Ive never played, but when my friend said you can suffocate people with plastic bags and that its been banned in several countries it kinda persuaded me  Its the only one left on that list I need now, I got FS2004 about an hour ago  Anyone know some sites where i can get planes for it?


----------



## GermansRGeniuses (Oct 25, 2004)

Avsim.com, Flightsim.com, Simviation.com, Surclaro.com...


----------



## cheddar cheese (Oct 26, 2004)

Danke


----------



## cheddar cheese (Nov 4, 2004)

W00t 

Pacific Fighters came this morning, Ill will play it later and be sure to report back


----------



## the lancaster kicks ass (Nov 5, 2004)

dude you left out "would get it if my computer could handle it" from your poll, which is the one i'd go for, and in efect you have the same option 3 times....................


----------



## cheddar cheese (Nov 5, 2004)

Good point 

BTW PF is ace


----------



## the lancaster kicks ass (Nov 6, 2004)

i'd rather got for CFS3 or IL-2, wider range of aircraft...............


----------



## GermansRGeniuses (Nov 6, 2004)

Lanc, CFS3 is crap (dynamics suck), and PF has all the aircraft from PF, AEP, FB, AND IL-2...


Four games in one, basically...


----------



## the lancaster kicks ass (Nov 7, 2004)

so you guys think i should hget IL-2 FB??


----------



## cheddar cheese (Nov 7, 2004)

No, get PF.


----------



## the lancaster kicks ass (Nov 7, 2004)

but does PF have all the european planes fron the first ones??


----------



## cheddar cheese (Nov 7, 2004)

Yes, If you have IL2 FB: AEP


----------



## GermansRGeniuses (Nov 21, 2004)

It shall be mine tommorrow.


More on that later.

.........................................................................................

.........................................................................................

.........................................................................................

.........................................................................................

.........................................................................................

.........................................................................................

.........................................................................................

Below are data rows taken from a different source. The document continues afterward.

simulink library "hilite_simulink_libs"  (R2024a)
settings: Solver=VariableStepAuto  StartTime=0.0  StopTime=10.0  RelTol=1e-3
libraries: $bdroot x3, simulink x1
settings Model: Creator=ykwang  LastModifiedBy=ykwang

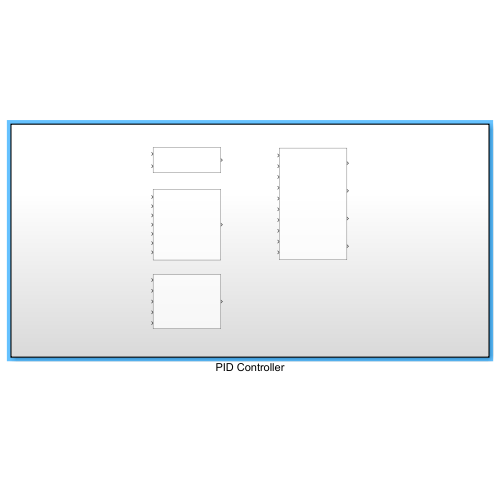
[thumbnail: Simulink's stored preview of the top-level diagram]
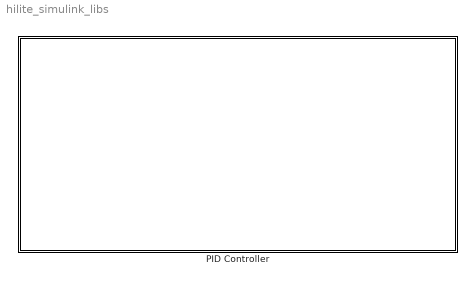
== system hilite_simulink_libs ==
  PID Controller : Subsystem

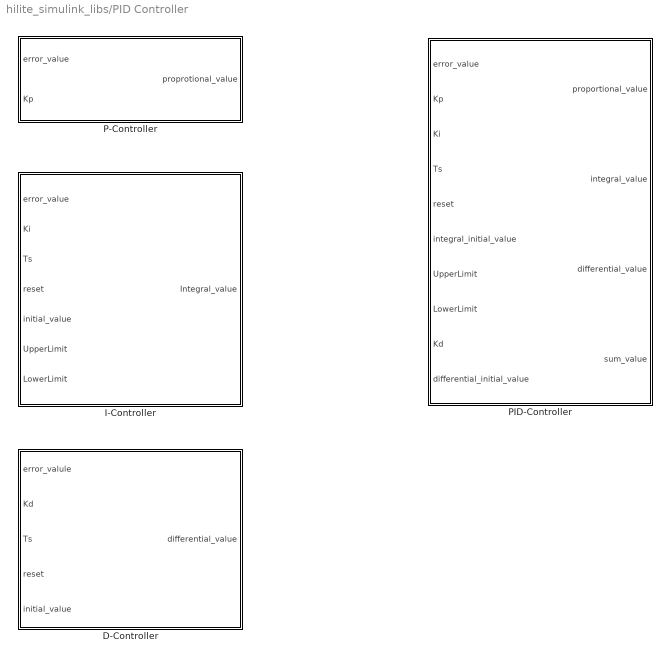
== system hilite_simulink_libs/PID Controller ==
  D-Controller : Subsystem
  I-Controller : Subsystem
  P-Controller : Subsystem
  PID-Controller : Subsystem

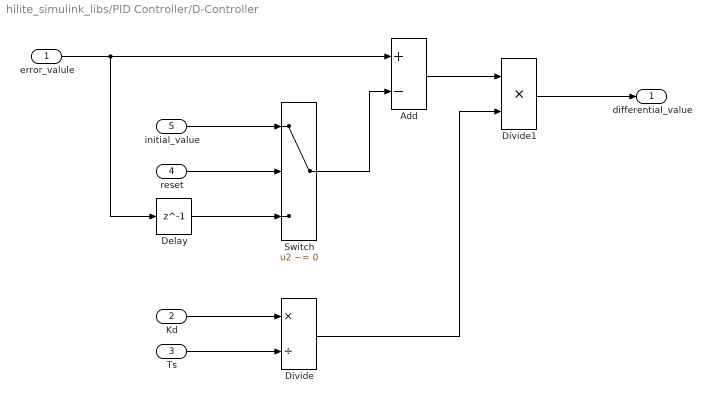
== system hilite_simulink_libs/PID Controller/D-Controller ==
  error_valule : Inport
  Kd : Inport  Port=2
  Ts : Inport  Port=3
  reset : Inport  Port=4
  initial_value : Inport  Port=5
  Add : Sum  Inputs=+-
  Delay : Delay  DelayLength=1
  Divide : Product  Inputs=*/
  Divide1 : Product  Inputs=**
  Switch : Switch  Criteria=u2 ~= 0  SaturateOnIntegerOverflow=off  InputSameDT=off
  differential_value : Outport
  wires:
  error_valule/1 -> Add/1, Delay/1
  Kd/1 -> Divide/1
  Ts/1 -> Divide/2
  Divide/1 -> Divide1/2
  Add/1 -> Divide1/1
  Divide1/1 -> differential_value/1
  reset/1 -> Switch/2
  Delay/1 -> Switch/3
  initial_value/1 -> Switch/1
  Switch/1 -> Add/2

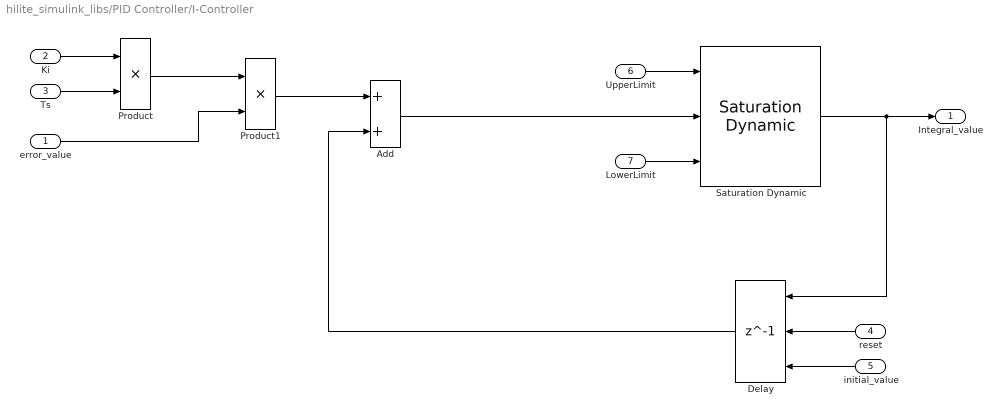
== system hilite_simulink_libs/PID Controller/I-Controller ==
  error_value : Inport
  Ki : Inport  Port=2
  Ts : Inport  Port=3
  reset : Inport  Port=4
  initial_value : Inport  Port=5
  UpperLimit : Inport  Port=6
  LowerLimit : Inport  Port=7
  Add : Sum
  Delay : Delay  DelayLength=1  InitialConditionSource=Input port  InitialCondition=0  ExternalReset=Rising
      settings: InputPortMap=u0,r5,p4
  Product : Product
  Product1 : Product
  Saturation Dynamic : simulink/Discontinuities/Saturation Dynamic  OutMin=[]  OutMax=[]  OutDataTypeStr=Inherit: Same as second input  OutDataType=fixdt(1, 16)  OutScaling=2^-10  DoSatur=off
  Integral_value : Outport
  wires:
  Ki/1 -> Product/1
  Ts/1 -> Product/2
  UpperLimit/1 -> Saturation Dynamic/1
  LowerLimit/1 -> Saturation Dynamic/3
  Saturation Dynamic/1 -> Delay/1, Integral_value/1
  error_value/1 -> Product1/2
  reset/1 -> Delay/2
  Delay/1 -> Add/2
  initial_value/1 -> Delay/3
  Product/1 -> Product1/1
  Product1/1 -> Add/1
  Add/1 -> Saturation Dynamic/2

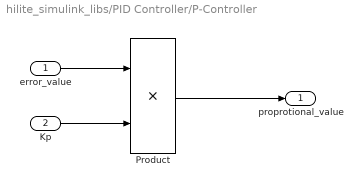
== system hilite_simulink_libs/PID Controller/P-Controller ==
  error_value : Inport
  Kp : Inport  Port=2
  Product : Product
  proprotional_value : Outport
  wires:
  error_value/1 -> Product/1
  Kp/1 -> Product/2
  Product/1 -> proprotional_value/1

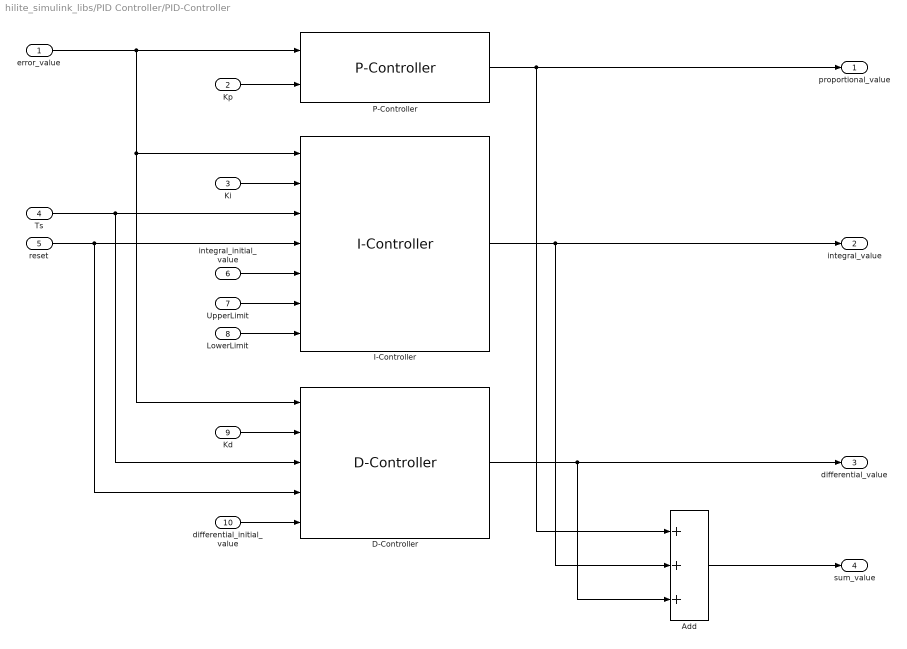
== system hilite_simulink_libs/PID Controller/PID-Controller ==
  error_value : Inport
  Kp : Inport  Port=2
  Ki : Inport  Port=3
  Ts : Inport  Port=4
  reset : Inport  Port=5
  integral_initial_value : Inport  Port=6
  UpperLimit : Inport  Port=7
  LowerLimit : Inport  Port=8
  Kd : Inport  Port=9
  differential_initial_value : Inport  Port=10
  Add : Sum  Inputs=+++
  D-Controller : $bdroot/PID Controller/D-Controller  SystemSampleTime=-1  VariantActivationTime=update diagram  AllowFlexibleInterface=on  Latency=0  AutoFrameSizeCalculation=off
  I-Controller : $bdroot/PID Controller/I-Controller  SystemSampleTime=-1  VariantActivationTime=update diagram  AllowFlexibleInterface=on  Latency=0  AutoFrameSizeCalculation=off
  P-Controller : $bdroot/PID Controller/P-Controller  SystemSampleTime=-1  VariantActivationTime=update diagram  AllowFlexibleInterface=on  Latency=0  AutoFrameSizeCalculation=off
  proportional_value : Outport
  integral_value : Outport  Port=2
  differential_value : Outport  Port=3
  sum_value : Outport  Port=4
  wires:
  error_value/1 -> D-Controller/1, I-Controller/1, P-Controller/1
  Kp/1 -> P-Controller/2
  Ts/1 -> D-Controller/3, I-Controller/3
  Ki/1 -> I-Controller/2
  reset/1 -> D-Controller/4, I-Controller/4
  integral_initial_value/1 -> I-Controller/5
  UpperLimit/1 -> I-Controller/6
  LowerLimit/1 -> I-Controller/7
  P-Controller/1 -> proportional_value/1, Add/1
  I-Controller/1 -> integral_value/1, Add/2
  D-Controller/1 -> Add/3, differential_value/1
  Kd/1 -> D-Controller/2
  differential_initial_value/1 -> D-Controller/5
  Add/1 -> sum_value/1

.........................................................................................

.........................................................................................

.........................................................................................

.........................................................................................

.........................................................................................

.........................................................................................

.........................................................................................

.........................................................................................

.........................................................................................

.........................................................................................

.........................................................................................

.........................................................................................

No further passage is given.